Stored dataset items:
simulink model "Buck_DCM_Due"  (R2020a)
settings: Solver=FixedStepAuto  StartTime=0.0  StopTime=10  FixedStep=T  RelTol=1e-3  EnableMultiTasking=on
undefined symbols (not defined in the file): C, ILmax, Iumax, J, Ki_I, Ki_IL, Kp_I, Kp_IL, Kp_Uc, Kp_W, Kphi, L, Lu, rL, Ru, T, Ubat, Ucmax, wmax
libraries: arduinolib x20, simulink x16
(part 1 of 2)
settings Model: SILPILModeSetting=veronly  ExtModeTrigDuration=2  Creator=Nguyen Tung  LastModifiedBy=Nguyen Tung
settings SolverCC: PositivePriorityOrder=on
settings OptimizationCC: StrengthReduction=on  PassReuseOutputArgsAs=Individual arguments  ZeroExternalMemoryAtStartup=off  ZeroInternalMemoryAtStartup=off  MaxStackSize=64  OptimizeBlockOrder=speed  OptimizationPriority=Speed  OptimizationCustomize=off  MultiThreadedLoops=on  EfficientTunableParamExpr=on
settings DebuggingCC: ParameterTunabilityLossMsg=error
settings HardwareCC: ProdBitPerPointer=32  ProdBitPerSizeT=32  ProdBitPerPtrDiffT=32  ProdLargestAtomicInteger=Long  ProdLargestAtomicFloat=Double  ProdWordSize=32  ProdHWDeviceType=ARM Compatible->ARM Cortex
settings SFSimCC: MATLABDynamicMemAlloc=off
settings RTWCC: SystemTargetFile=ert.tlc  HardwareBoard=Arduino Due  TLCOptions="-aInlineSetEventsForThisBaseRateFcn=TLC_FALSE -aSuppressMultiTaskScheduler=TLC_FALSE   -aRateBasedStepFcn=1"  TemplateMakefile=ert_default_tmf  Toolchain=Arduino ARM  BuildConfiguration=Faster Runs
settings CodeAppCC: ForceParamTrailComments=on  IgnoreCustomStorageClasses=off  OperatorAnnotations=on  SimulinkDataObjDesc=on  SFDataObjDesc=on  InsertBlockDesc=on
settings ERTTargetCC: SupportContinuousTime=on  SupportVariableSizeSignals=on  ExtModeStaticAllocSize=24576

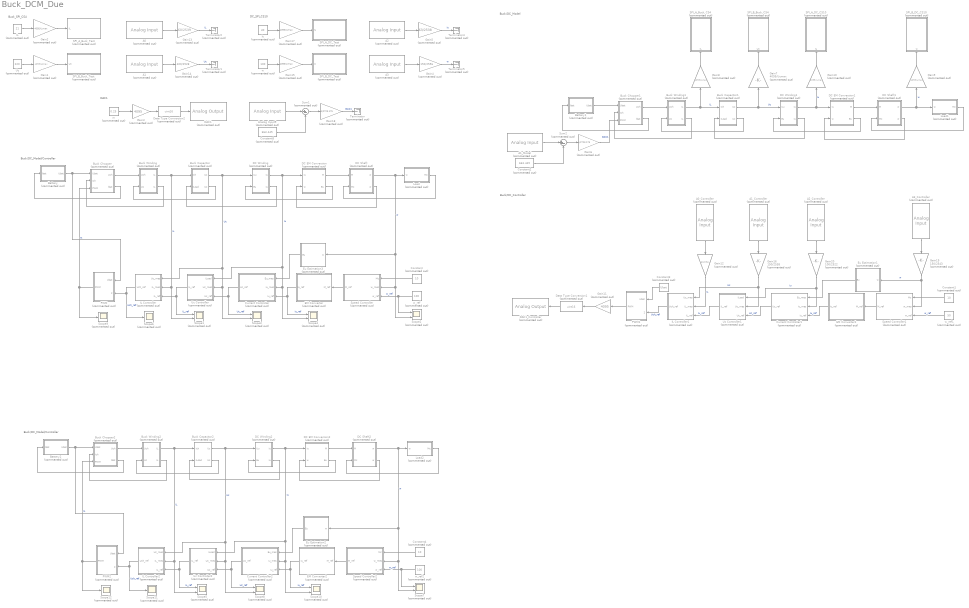
== system Buck_DCM_Due ==
  note: Buck/DC_Controller
  note: Buck/DC_Model
  note: Buck/DC_Model/Controller
  note: DAC1
  note: Buck_SPI_CS4
  note: DC_SPI_CS10
  note: Buck/DC_Model/Controller
  A0 : arduinolib/Analog Input  Commented=on  pinNumber=0  ReadResultsOnly=off  ConversionTriggerSource=Software  ExternalTriggerType=uint32( 0 )  OutputDataType=uint16  EnableConversionCompleteNotify=off  EnableOuputStatus=off  SampleTime=T  blockPlatform=arduino
  A0_Controller : arduinolib/Analog Input  Commented=on  pinNumber=0  ReadResultsOnly=off  ConversionTriggerSource=Software  ExternalTriggerType=uint32( 0 )  OutputDataType=uint16  EnableConversionCompleteNotify=off  EnableOuputStatus=off  SampleTime=T  blockPlatform=arduino
  A1 : arduinolib/Analog Input  Commented=on  pinNumber=1  ReadResultsOnly=off  ConversionTriggerSource=Software  ExternalTriggerType=uint32( 0 )  OutputDataType=uint16  EnableConversionCompleteNotify=off  EnableOuputStatus=off  SampleTime=T  blockPlatform=arduino
  A1_Controller : arduinolib/Analog Input  Commented=on  pinNumber=1  ReadResultsOnly=off  ConversionTriggerSource=Software  ExternalTriggerType=uint32( 0 )  OutputDataType=uint16  EnableConversionCompleteNotify=off  EnableOuputStatus=off  SampleTime=T  blockPlatform=arduino
  A1_Model : arduinolib/Analog Input  Commented=on  pinNumber=1  ReadResultsOnly=off  ConversionTriggerSource=Software  ExternalTriggerType=uint32( 0 )  OutputDataType=uint16  EnableConversionCompleteNotify=off  EnableOuputStatus=off  SampleTime=T  blockPlatform=arduino
  A2 : arduinolib/Analog Input  Commented=on  pinNumber=2  ReadResultsOnly=off  ConversionTriggerSource=Software  ExternalTriggerType=uint32( 0 )  OutputDataType=uint16  EnableConversionCompleteNotify=off  EnableOuputStatus=off  SampleTime=T  blockPlatform=arduino
  A2_Controller : arduinolib/Analog Input  Commented=on  pinNumber=2  ReadResultsOnly=off  ConversionTriggerSource=Software  ExternalTriggerType=uint32( 0 )  OutputDataType=uint16  EnableConversionCompleteNotify=off  EnableOuputStatus=off  SampleTime=T  blockPlatform=arduino
  A3 : arduinolib/Analog Input  Commented=on  pinNumber=3  ReadResultsOnly=off  ConversionTriggerSource=Software  ExternalTriggerType=uint32( 0 )  OutputDataType=uint16  EnableConversionCompleteNotify=off  EnableOuputStatus=off  SampleTime=T  blockPlatform=arduino
  A3_Controller : arduinolib/Analog Input  Commented=on  pinNumber=3  ReadResultsOnly=off  ConversionTriggerSource=Software  ExternalTriggerType=uint32( 0 )  OutputDataType=uint16  EnableConversionCompleteNotify=off  EnableOuputStatus=off  SampleTime=T  blockPlatform=arduino
  Analog Input9 : arduinolib/Analog Input  Commented=on  pinNumber=1  ReadResultsOnly=off  ConversionTriggerSource=Software  ExternalTriggerType=uint32( 0 )  OutputDataType=uint16  EnableConversionCompleteNotify=off  EnableOuputStatus=off  SampleTime=T  blockPlatform=arduino
  Battery : Subsystem  Commented=on  AncestorBlock=simulink/REM/SE
      mask Display:
      | plot(0,0,100,100, 1.2*[50,57.68,60.77,63.08,64.97,66.58,68,69.26,70.4, 	71.42,72.36,78.28,80,78.28,72.36,71.42,70.4, 	69.26,68,66.58,64.97,63.08,60.77,57.68,50,42.32, 	39.23,36.92,35.03,33.42,32,30.74,29.6,28.58, 	27.64,21.72,20,21.72,27.64,28.58,29.6,30.74,32, 	33.42,35.03,36.92,39.23,42.32,50]-10, 1.2*[20,21,22,23,24,25,26,27,28,29,30,40,50,60,70,71,72, 	73,74,75,76,77,78,79,80,79,78,77,76,75,74,73,72, 	71,70,60,50,40,30,29,28,27,26,25,24,23,22,21,20]-10)
      | disp('ES')
  Battery1 : Subsystem  Commented=on  AncestorBlock=simulink/REM/SE
      mask Display:
      | plot(0,0,100,100, 1.2*[50,57.68,60.77,63.08,64.97,66.58,68,69.26,70.4, 	71.42,72.36,78.28,80,78.28,72.36,71.42,70.4, 	69.26,68,66.58,64.97,63.08,60.77,57.68,50,42.32, 	39.23,36.92,35.03,33.42,32,30.74,29.6,28.58, 	27.64,21.72,20,21.72,27.64,28.58,29.6,30.74,32, 	33.42,35.03,36.92,39.23,42.32,50]-10, 1.2*[20,21,22,23,24,25,26,27,28,29,30,40,50,60,70,71,72, 	73,74,75,76,77,78,79,80,79,78,77,76,75,74,73,72, 	71,70,60,50,40,30,29,28,27,26,25,24,23,22,21,20]-10)
      | disp('ES')
  Battery2 : Subsystem  Commented=on  AncestorBlock=simulink/REM/SE
      mask Display:
      | plot(0,0,100,100, 1.2*[50,57.68,60.77,63.08,64.97,66.58,68,69.26,70.4, 	71.42,72.36,78.28,80,78.28,72.36,71.42,70.4, 	69.26,68,66.58,64.97,63.08,60.77,57.68,50,42.32, 	39.23,36.92,35.03,33.42,32,30.74,29.6,28.58, 	27.64,21.72,20,21.72,27.64,28.58,29.6,30.74,32, 	33.42,35.03,36.92,39.23,42.32,50]-10, 1.2*[20,21,22,23,24,25,26,27,28,29,30,40,50,60,70,71,72, 	73,74,75,76,77,78,79,80,79,78,77,76,75,74,73,72, 	71,70,60,50,40,30,29,28,27,26,25,24,23,22,21,20]-10)
      | disp('ES')
  Buck Capacitor : Subsystem  Commented=on  AncestorBlock=simulink/REM/EA  mask(CM){}
      mask Display: plot(0,0,100,100,[10,10,90,90,10],[90,10,10,90,90], [10,90],[10,90])
  Buck Capacitor1 : Subsystem  Commented=on  AncestorBlock=simulink/REM/EA  mask(CM){}
      mask Display: plot(0,0,100,100,[10,10,90,90,10],[90,10,10,90,90], [10,90],[10,90])
  Buck Capacitor2 : Subsystem  Commented=on  AncestorBlock=simulink/REM/EA  mask(CM){}
      mask Display: plot(0,0,100,100,[10,10,90,90,10],[90,10,10,90,90], [10,90],[10,90])
  Buck Chopper : Subsystem  Commented=on  AncestorBlock=simulink/REM/EC Elec  mask(Hacheur){}
      mask Display: plot(0,0,100,100,[10,10,90,90,10],[90,10,10,90,90])
  Buck Chopper1 : Subsystem  Commented=on  AncestorBlock=simulink/REM/EC Elec  mask(Hacheur){}
      mask Display: plot(0,0,100,100,[10,10,90,90,10],[90,10,10,90,90])
  Buck Chopper2 : Subsystem  Commented=on  AncestorBlock=simulink/REM/EC Elec  mask(Hacheur){}
      mask Display: plot(0,0,100,100,[10,10,90,90,10],[90,10,10,90,90])
  Buck Winding : Subsystem  Commented=on  AncestorBlock=simulink/REM/EA  mask(CM){}
      mask Display: plot(0,0,100,100,[10,10,90,90,10],[90,10,10,90,90], [10,90],[10,90])
  Buck Winding1 : Subsystem  Commented=on  AncestorBlock=simulink/REM/EA  mask(CM){}
      mask Display: plot(0,0,100,100,[10,10,90,90,10],[90,10,10,90,90], [10,90],[10,90])
  Buck Winding2 : Subsystem  Commented=on  AncestorBlock=simulink/REM/EA  mask(CM){}
      mask Display: plot(0,0,100,100,[10,10,90,90,10],[90,10,10,90,90], [10,90],[10,90])
  Constant : Constant  Commented=on  Value=10
  Constant1 : Constant  Commented=on  Value=10
  Constant2 : Constant  Commented=on  Value=663.445
  Constant3 : Constant  Commented=on  Value=Ubat
  Constant4 : Constant  Commented=on  Value=10
  Constant8 : Constant  Commented=on  Value=663.445
  Current Controller : Subsystem  Commented=on  AncestorBlock=simulink/SMC/Asservissement Correcteur IP
      mask Display: plot(0,0,100,100, [10,30,90,70,10,90],[90,10,10,90,90,10])
  Current Controller1 : Subsystem  Commented=on  AncestorBlock=simulink/SMC/Asservissement Correcteur IP
      mask Display: plot(0,0,100,100, [10,30,90,70,10,90],[90,10,10,90,90,10])
  Current Controller2 : Subsystem  Commented=on  AncestorBlock=simulink/SMC/Asservissement Correcteur IP
      mask Display: plot(0,0,100,100, [10,30,90,70,10,90],[90,10,10,90,90,10])
  DAC1 : arduinolib/Analog Output  Commented=on  DACpin=DAC1  blockPlatform=arduino
      settings: SourceProductBaseCode=ARDUINO
  DAC1_Controller : arduinolib/Analog Output  Commented=on  DACpin=DAC1  blockPlatform=arduino
      settings: SourceProductBaseCode=ARDUINO
  DC EM Conversion : Subsystem  Commented=on  AncestorBlock=simulink/REM/EC EM
      mask Display: plot(0,0,100,100, 1.4*[50,57.68,60.77,63.08,64.97,66.58,68,69.26,70.4, 	71.42,72.36,78.28,80,78.28,72.36,71.42,70.4, 	69.26,68,66.58,64.97,63.08,60.77,57.68,50,42.32, 	39.23,36.92,35.03,33.42,32,30.74,29.6,28.58, 	27.64,21.72,20,21.72,27.64,28.58,29.6,30.74,32, 	33.42,35.03,36.92,39.23,42.32,50]-20, 1.4*[20,21,22,23,24,25,26,27,28,29,30,40,50,60,70,71,72, 	73,74,75,76,77,78,79,80,79,78,77,76,75,74,73,72, 	71,70,60,50,40,30,29,28,27,26,25,24,23,22,21,20]-20)
  DC EM Conversion1 : Subsystem  Commented=on  AncestorBlock=simulink/REM/EC EM
      mask Display: plot(0,0,100,100, 1.4*[50,57.68,60.77,63.08,64.97,66.58,68,69.26,70.4, 	71.42,72.36,78.28,80,78.28,72.36,71.42,70.4, 	69.26,68,66.58,64.97,63.08,60.77,57.68,50,42.32, 	39.23,36.92,35.03,33.42,32,30.74,29.6,28.58, 	27.64,21.72,20,21.72,27.64,28.58,29.6,30.74,32, 	33.42,35.03,36.92,39.23,42.32,50]-20, 1.4*[20,21,22,23,24,25,26,27,28,29,30,40,50,60,70,71,72, 	73,74,75,76,77,78,79,80,79,78,77,76,75,74,73,72, 	71,70,60,50,40,30,29,28,27,26,25,24,23,22,21,20]-20)
  DC EM Conversion2 : Subsystem  Commented=on  AncestorBlock=simulink/REM/EC EM
      mask Display: plot(0,0,100,100, 1.4*[50,57.68,60.77,63.08,64.97,66.58,68,69.26,70.4, 	71.42,72.36,78.28,80,78.28,72.36,71.42,70.4, 	69.26,68,66.58,64.97,63.08,60.77,57.68,50,42.32, 	39.23,36.92,35.03,33.42,32,30.74,29.6,28.58, 	27.64,21.72,20,21.72,27.64,28.58,29.6,30.74,32, 	33.42,35.03,36.92,39.23,42.32,50]-20, 1.4*[20,21,22,23,24,25,26,27,28,29,30,40,50,60,70,71,72, 	73,74,75,76,77,78,79,80,79,78,77,76,75,74,73,72, 	71,70,60,50,40,30,29,28,27,26,25,24,23,22,21,20]-20)
  DC Shaft : Subsystem  Commented=on  AncestorBlock=simulink/REM/EA  mask(CM){}
      mask Display: plot(0,0,100,100,[10,10,90,90,10],[90,10,10,90,90], [10,90],[10,90])
  DC Shaft1 : Subsystem  Commented=on  AncestorBlock=simulink/REM/EA  mask(CM){}
      mask Display: plot(0,0,100,100,[10,10,90,90,10],[90,10,10,90,90], [10,90],[10,90])
  DC Shaft2 : Subsystem  Commented=on  AncestorBlock=simulink/REM/EA  mask(CM){}
      mask Display: plot(0,0,100,100,[10,10,90,90,10],[90,10,10,90,90], [10,90],[10,90])
  DC Winding : Subsystem  Commented=on  AncestorBlock=simulink/REM/EA  mask(CM){}
      mask Display: plot(0,0,100,100,[10,10,90,90,10],[90,10,10,90,90], [10,90],[10,90])
  DC Winding1 : Subsystem  Commented=on  AncestorBlock=simulink/REM/EA  mask(CM){}
      mask Display: plot(0,0,100,100,[10,10,90,90,10],[90,10,10,90,90], [10,90],[10,90])
  DC Winding2 : Subsystem  Commented=on  AncestorBlock=simulink/REM/EA  mask(CM){}
      mask Display: plot(0,0,100,100,[10,10,90,90,10],[90,10,10,90,90], [10,90],[10,90])
  Data Type Conversion1 : DataTypeConversion  Commented=on  OutDataTypeStr=uint16  RndMeth=Nearest
  Data Type Conversion2 : DataTypeConversion  Commented=on  OutDataTypeStr=uint16  RndMeth=Nearest
  EM Converter : Subsystem  Commented=on  AncestorBlock=simulink/SMC/Inversion EC avec mesure
      mask Display: plot(0,0,100,100,[10,30,90,70,10],[90,10,10,90,90])
  EM Converter1 : Subsystem  Commented=on  AncestorBlock=simulink/SMC/Inversion EC avec mesure
      mask Display: plot(0,0,100,100,[10,30,90,70,10],[90,10,10,90,90])
  EM Converter2 : Subsystem  Commented=on  AncestorBlock=simulink/SMC/Inversion EC avec mesure
      mask Display: plot(0,0,100,100,[10,30,90,70,10],[90,10,10,90,90])
  Eu Estimation1 : Subsystem  Commented=on  AncestorBlock=simulink/REM/EC EM
      mask Display: plot(0,0,100,100, 1.4*[50,57.68,60.77,63.08,64.97,66.58,68,69.26,70.4, 	71.42,72.36,78.28,80,78.28,72.36,71.42,70.4, 	69.26,68,66.58,64.97,63.08,60.77,57.68,50,42.32, 	39.23,36.92,35.03,33.42,32,30.74,29.6,28.58, 	27.64,21.72,20,21.72,27.64,28.58,29.6,30.74,32, 	33.42,35.03,36.92,39.23,42.32,50]-20, 1.4*[20,21,22,23,24,25,26,27,28,29,30,40,50,60,70,71,72, 	73,74,75,76,77,78,79,80,79,78,77,76,75,74,73,72, 	71,70,60,50,40,30,29,28,27,26,25,24,23,22,21,20]-20)
  Eu Estimation2 : Subsystem  Commented=on  AncestorBlock=simulink/REM/EC EM
      mask Display: plot(0,0,100,100, 1.4*[50,57.68,60.77,63.08,64.97,66.58,68,69.26,70.4, 	71.42,72.36,78.28,80,78.28,72.36,71.42,70.4, 	69.26,68,66.58,64.97,63.08,60.77,57.68,50,42.32, 	39.23,36.92,35.03,33.42,32,30.74,29.6,28.58, 	27.64,21.72,20,21.72,27.64,28.58,29.6,30.74,32, 	33.42,35.03,36.92,39.23,42.32,50]-20, 1.4*[20,21,22,23,24,25,26,27,28,29,30,40,50,60,70,71,72, 	73,74,75,76,77,78,79,80,79,78,77,76,75,74,73,72, 	71,70,60,50,40,30,29,28,27,26,25,24,23,22,21,20]-20)
  Eu Estimation3 : Subsystem  Commented=on  AncestorBlock=simulink/REM/EC EM
      mask Display: plot(0,0,100,100, 1.4*[50,57.68,60.77,63.08,64.97,66.58,68,69.26,70.4, 	71.42,72.36,78.28,80,78.28,72.36,71.42,70.4, 	69.26,68,66.58,64.97,63.08,60.77,57.68,50,42.32, 	39.23,36.92,35.03,33.42,32,30.74,29.6,28.58, 	27.64,21.72,20,21.72,27.64,28.58,29.6,30.74,32, 	33.42,35.03,36.92,39.23,42.32,50]-20, 1.4*[20,21,22,23,24,25,26,27,28,29,30,40,50,60,70,71,72, 	73,74,75,76,77,78,79,80,79,78,77,76,75,74,73,72, 	71,70,60,50,40,30,29,28,27,26,25,24,23,22,21,20]-20)
  Gain1 : Gain  Commented=on  Gain=4095/Ucmax
  Gain10 : Gain  Commented=on  Gain=4095/Iumax
  Gain11 : Gain  Commented=on  Gain=4095
  Gain12 : Gain  Commented=on  Gain=60/2541
  Gain13 : Gain  Commented=on  Gain=60/2539
  Gain14 : Gain  Commented=on  Gain=400/2528
  Gain15 : Gain  Commented=on  Gain=4095/wmax
  Gain16 : Gain  Commented=on  Gain=150/2538
  Gain17 : Gain  Commented=on  Gain=4095/Iumax
  Gain18 : Gain  Commented=on  Gain=1/2723.175
  Gain19 : Gain  Commented=on  Gain=150/2543
  Gain2 : Gain  Commented=on  Gain=4095/ILmax
  Gain20 : Gain  Commented=on  Gain=100/2522
  Gain3 : Gain  Commented=on  Gain=4095
  Gain4 : Gain  Commented=on  Gain=150/2556
  Gain5 : Gain  Commented=on  Gain=63/2538
  Gain6 : Gain  Commented=on  Gain=1/2723.175
  Gain7 : Gain  Commented=on  Gain=4095/Ucmax
  Gain8 : Gain  Commented=on  Gain=4095/ILmax
  Gain9 : Gain  Commented=on  Gain=4095/wmax
  IL : Constant  Commented=on  Value=21
  IL Controller : Subsystem  Commented=on  AncestorBlock=simulink/SMC/Asservissement Correcteur IP
      mask Display: plot(0,0,100,100, [10,30,90,70,10,90],[90,10,10,90,90,10])
  IL Controller1 : Subsystem  Commented=on  AncestorBlock=simulink/SMC/Asservissement Correcteur IP
      mask Display: plot(0,0,100,100, [10,30,90,70,10,90],[90,10,10,90,90,10])
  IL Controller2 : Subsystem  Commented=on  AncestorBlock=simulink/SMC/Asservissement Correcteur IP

**Exercise directions:** Give again exactly, and only, the lines above starting at the one with "DC Shaft2 : Subsystem" and ending at the one with "EM Converter2 : Subsystem".

**Reply:**
  DC Shaft2 : Subsystem  Commented=on  AncestorBlock=simulink/REM/EA  mask(CM){}
      mask Display: plot(0,0,100,100,[10,10,90,90,10],[90,10,10,90,90], [10,90],[10,90])
  DC Winding : Subsystem  Commented=on  AncestorBlock=simulink/REM/EA  mask(CM){}
      mask Display: plot(0,0,100,100,[10,10,90,90,10],[90,10,10,90,90], [10,90],[10,90])
  DC Winding1 : Subsystem  Commented=on  AncestorBlock=simulink/REM/EA  mask(CM){}
      mask Display: plot(0,0,100,100,[10,10,90,90,10],[90,10,10,90,90], [10,90],[10,90])
  DC Winding2 : Subsystem  Commented=on  AncestorBlock=simulink/REM/EA  mask(CM){}
      mask Display: plot(0,0,100,100,[10,10,90,90,10],[90,10,10,90,90], [10,90],[10,90])
  Data Type Conversion1 : DataTypeConversion  Commented=on  OutDataTypeStr=uint16  RndMeth=Nearest
  Data Type Conversion2 : DataTypeConversion  Commented=on  OutDataTypeStr=uint16  RndMeth=Nearest
  EM Converter : Subsystem  Commented=on  AncestorBlock=simulink/SMC/Inversion EC avec mesure
      mask Display: plot(0,0,100,100,[10,30,90,70,10],[90,10,10,90,90])
  EM Converter1 : Subsystem  Commented=on  AncestorBlock=simulink/SMC/Inversion EC avec mesure
      mask Display: plot(0,0,100,100,[10,30,90,70,10],[90,10,10,90,90])
  EM Converter2 : Subsystem  Commented=on  AncestorBlock=simulink/SMC/Inversion EC avec mesure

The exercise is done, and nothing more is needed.